La explicación que yo te daría es bastante breve: según lo que sé, must significa "deber" y "have to" significa "tener que". Y para mí "must" expresa un sentido de obligación más fuerte que el de "have to".
Ejemplo: You must eat -> Debes comer.
............You have to eat -> Tienes que comer. 

"Must" también puede significar "deber de", en un sentido de suposición. Por ejemplo:
A: Where is Anna? -> ¿Dónde está Anna?
B: She must be there -> Debe de estar ahí.

Ojalá que se entienda y te sirva 

Saludos,


----------



## Jhorer Brishti

Mita lo ha explicado bien y sucintamente. Quiero anadir que aqui en los estados unidos usar "must" para significar la primera definicion(asi tendria la misma definicion que "have to") no es muy comun. Pareceria un poco extrano(a menos que sea algo oficial, algo dicho por el presidente, las noticias,etc.), anticuado y se pensaria que tu estabas bromeando(es igual que el uso limitado casi invisible de "shall" aqui en EEUU).


----------



## gvergara

Otra diferencia, que es una de las más difíciles de entender, es que _have to_ se usa cuando es una obligación impuesta externamente (como una orden de otra persona, una regulación, una regla), mientras que _must_ se utiliza cuando se trata de una decisión personal.Ejemplo: 

_ _I *must *go and talk to the principal_. Acá, quien habla siente la responsabilidad moral, autoimpuesta, de ir a hablar con el director. Uso subjetivo.
_ _I *have to* go and talk to the principal_. Acá, alguien le dijo, le ordenó al hablante que debe ir a hablar con el director (puede que haya sido un profesor, el mismo director, un inspector, etc) No es una decisión de propia voluntad. Uso objetivo.

Saludos

Gonzalo


----------



## tuvir

MUchisimas gracias Gonzalo ésa es la explicación clara que quería


----------



## gvergara

De nada, nos vemos

Chao


----------



## jacinta

No es común decir "I must..." Se dice más, "I have to..." en cualquier situación.  Tienen el mismo significado.


----------



## gvergara

jacinta said:
			
		

> No es común decir "I must..." Se dice más, "I have to..." en cualquier situación.

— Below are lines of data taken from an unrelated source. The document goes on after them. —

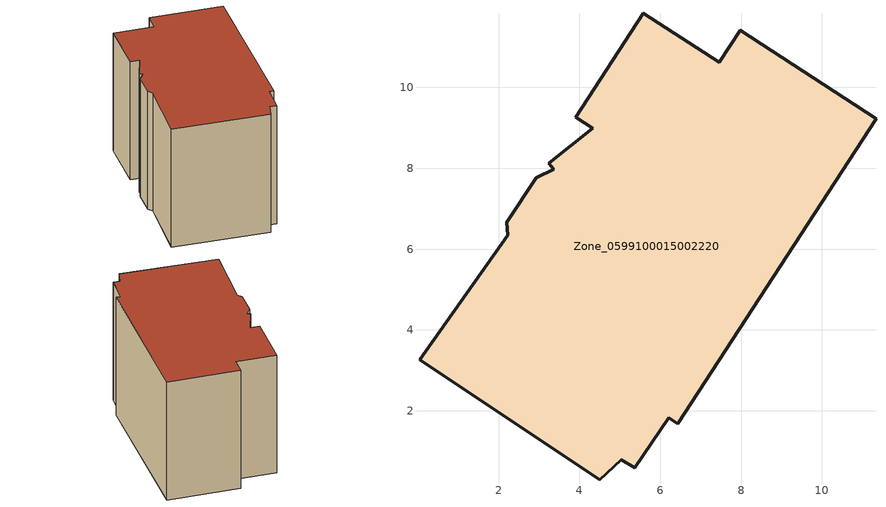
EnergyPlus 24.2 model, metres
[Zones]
Zone_0599100015002220
 floor ground (C_G): 7.46,10.62 7.98,11.41 11.34,9.23 6.43,1.69 6.21,1.83 5.36,0.6 5.04,0.79 4.5,0.3 0.04,3.26 2.22,6.35 2.2,6.67 2.93,7.77 3.37,7.98 3.24,8.12 4.33,8.99 3.9,9.27 5.58,11.83 z0.85
 wall outside (C_F): 7.98,11.41 7.46,10.62 5.58,11.83 3.9,9.27 4.33,8.99 3.24,8.12 3.37,7.98 2.93,7.77 2.2,6.67 2.22,6.35 0.04,3.26 4.5,0.3 5.04,0.79 5.36,0.6 6.21,1.83 6.43,1.69 11.34,9.23 7.98,11.41 z0.85:7.95
 roof outside (C_R): 5.36,0.6 6.21,1.83 6.43,1.69 11.34,9.23 7.98,11.41 7.46,10.62 5.58,11.83 3.9,9.27 4.33,8.99 3.24,8.12 3.37,7.98 2.93,7.77 2.2,6.67 2.22,6.35 0.04,3.26 4.5,0.3 5.04,0.79 z7.95
[BUILDING]
Pand.0599100015002220: North Axis=0; Terrain=City; Loads Convergence Tolerance Value=0.04; Temperature Convergence Tolerance Value=0.4; Solar Distribution=FullExterior; Maximum Number of Warmup Days=25; Minimum Number of Warmup Days=1
[Site:Location]
Rotterdam.The.Hague.AP_ZH_NLD Design_Conditions: Latitude=51.96; Longitude=4.45; Time Zone=1; Elevation=-4.5
[SITE:GROUNDTEMPERATURE:BUILDINGSURFACE]
18, 18, 18, 18, 18, 18, 18, 18, 18, 18, 18, 18
[MATERIAL] Thermal Absorptance=0.9; Solar Absorptance=0.7; Visible Absorptance=0.7
Name | Roughness | Thickness | Conductivity | Density | Specific Heat
G.TC.1965-1974 | MediumSmooth | 0.15 | 0.882353 | 540 | 1210
F.TC.1965-1974 | Rough | 0.3 | 0.697674 | 1920 | 840
R.TC.1965-1974 | MediumRough | 0.2 | 0.232558 | 1500 | 1000
[CONSTRUCTION]
C_G: G.TC.1965-1974
C_F: F.TC.1965-1974
C_R: R.TC.1965-1974
[ZONE]
Zone_0599100015002220: Type=1; Multiplier=1; Ceiling Height=Autocalculate; Volume=Autocalculate; Floor Area=autocalculate; Part of Total Floor Area=Yes
[ZONEINFILTRATION:DESIGNFLOWRATE]
Infil_Zone_0599100015002220: Zone or ZoneList or Space or SpaceList=Zone_0599100015002220; Schedule=AlwaysOn; Design Flow Rate Calculation Method=Flow/Area; Flow Rate per Floor Area=0.003; Constant Term Coefficient=1; Temperature Term Coefficient=0; Velocity Term Coefficient=0; Velocity Squared Term Coefficient=0
[HVACTEMPLATE:ZONE:IDEALLOADSAIRSYSTEM]
Zone_0599100015002220: Maximum Heating Supply Air Temperature=50; Minimum Cooling Supply Air Temperature=13; Maximum Heating Supply Air Humidity Ratio=0.0156; Minimum Cooling Supply Air Humidity Ratio=0.0077; Heating Limit=NoLimit; Cooling Limit=NoLimit; Dehumidification Control Type=ConstantSensibleHeatRatio; Cooling Sensible Heat Ratio=0.7; Dehumidification Setpoint=60; Humidification Control Type=None; Humidification Setpoint=30; Outdoor Air Method=None; Outdoor Air Flow Rate per Person=0.00944; Outdoor Air Flow Rate per Zone Floor Area=0; Outdoor Air Flow Rate per Zone=0; Demand Controlled Ventilation Type=None; Outdoor Air Economizer Type=NoEconomizer; Heat Recovery Type=None; Sensible Heat Recovery Effectiveness=0.7; Latent Heat Recovery Effectiveness=0.65
[ZONECONTROL:THERMOSTAT]
ThermostatControl_Zone_0599100015002220: Zone or ZoneList=Zone_0599100015002220; Control Type Schedule=DualSetpointControlType; Control 1=Thermostat_Zone_0599100015002220; Temperature Difference Between Cutout And Setpoint=0
[THERMOSTATSETPOINT:DUALSETPOINT]
Thermostat_Zone_0599100015002220: Heating Setpoint Temperature Schedule=HeatingSetpoint_Zone_0599100015002220; Cooling Setpoint Temperature Schedule=CoolingSetpoint_Zone_0599100015002220
[SCHEDULE:COMPACT]
HeatingSetpoint_Zone_0599100015002220: Through: 12/31, For: AllDays, Until: 24:00, 21
CoolingSetpoint_Zone_0599100015002220: Through: 12/31, For: AllDays, Until: 24:00, 24
DualSetpointControlType: Through: 12/31, For: AllDays, Until: 24:00, 4
AlwaysOn: Through: 12/31, For: AllDays, Until: 24:00, 1

Tienen el mismo significado.


 
Hola Jacinta:
La verdad es que, reconociendo que en muchos casos _must_ y _have to_ son equivalentes, hay otros en los que debe(ría) hacerse una diferencia entre ellos. Uno de esos casos es el que ya expuse, el punto es que los nativos muchas veces no nos damos cuenta de las reglas que rigen nuestros idiomas y ahí surge la duda si una lengua debe hablarse como ordenan los libros de gramática o si lo correcto es aceptar al idioma como es hablado en el día a día por sus habitantes. Yo, mientras tanto, seguiré haciendo diferencias entre _must_ y _have to_....Saludos, nos vemos

Gonzalo


----------



## jacinta

Hola, Gonzalo,

No disputo ningún dato que nos diste. Es muy informativo.  Sólo que 
les hablo como nativa y digo cómo es en el habla diaria.  Es importante saber la gramática, es cierto, pero a la vez me gusta saber cómo se habla verdaderamente.  Creo que siempre que uno esté estudiando un idioma, quisiera saber cómo se dice en realidad, ¿no lo crees?

Saludos y buenas noches


----------



## gvergara

jacinta said:
			
		

> Hola, Gonzalo,
> 
> No disputo ningún dato que nos diste. Es muy informativo. Sólo que
> les hablo como nativa y digo cómo es en el habla diaria. Es importante saber la gramática, es cierto, pero a la vez me gusta saber cómo se habla verdaderamente. Creo que siempre que uno esté estudiando un idioma, quisiera saber cómo se dice en realidad, ¿no lo crees?
> 
> Saludos y buenas noches


 
Así es, estoy de acuerdo contigo. Nos vemos, Jacinta

Gonzalo


----------



## Fonεtiks

Gonzalo, interesante tu definición. Déjame ver si entendí:

must = sollten (autoimpuesta)
have to = sollen (impuesta)


----------



## gvergara

Fonεtiks said:
			
		

> Gonzalo, interesante tu definición. Déjame ver si entendí:
> 
> must = sollten (autoimpuesta)
> have to = sollen (impuesta)


 
Holas:
La respuesta a tu pregunta es no, aunque sí hay una correspondencia entre los modales alemanes e ingleses (observar, claro está, que nunca hay correspondencias perfectas entre idiomas). _Müssen_ corresponde, a grandes rasgos, a _must_, mientras que _sollen_ corresponde a _have to_ ¿Alguna vez te dijeron que _sollen_ se ocupa para reportar lo que otra persona dijo? Es por lo que explicaba arriba. Compara:

_ Dina, du *musst* einkaufen gehen.===> el hablante opina que receptor (Dina) debe ir de compras.
_ Dina, Vater hat gesagt, dass du einkaufen gehen *sollst*.===> el padre, no el hablante, opina que el receptor (Dina) debe ir de compras. Se ocupa _sollen_ por la misma razón que en inglés se ocupa _have to_ (orden externa rather than obligación moral autoimpuesta por el hablante).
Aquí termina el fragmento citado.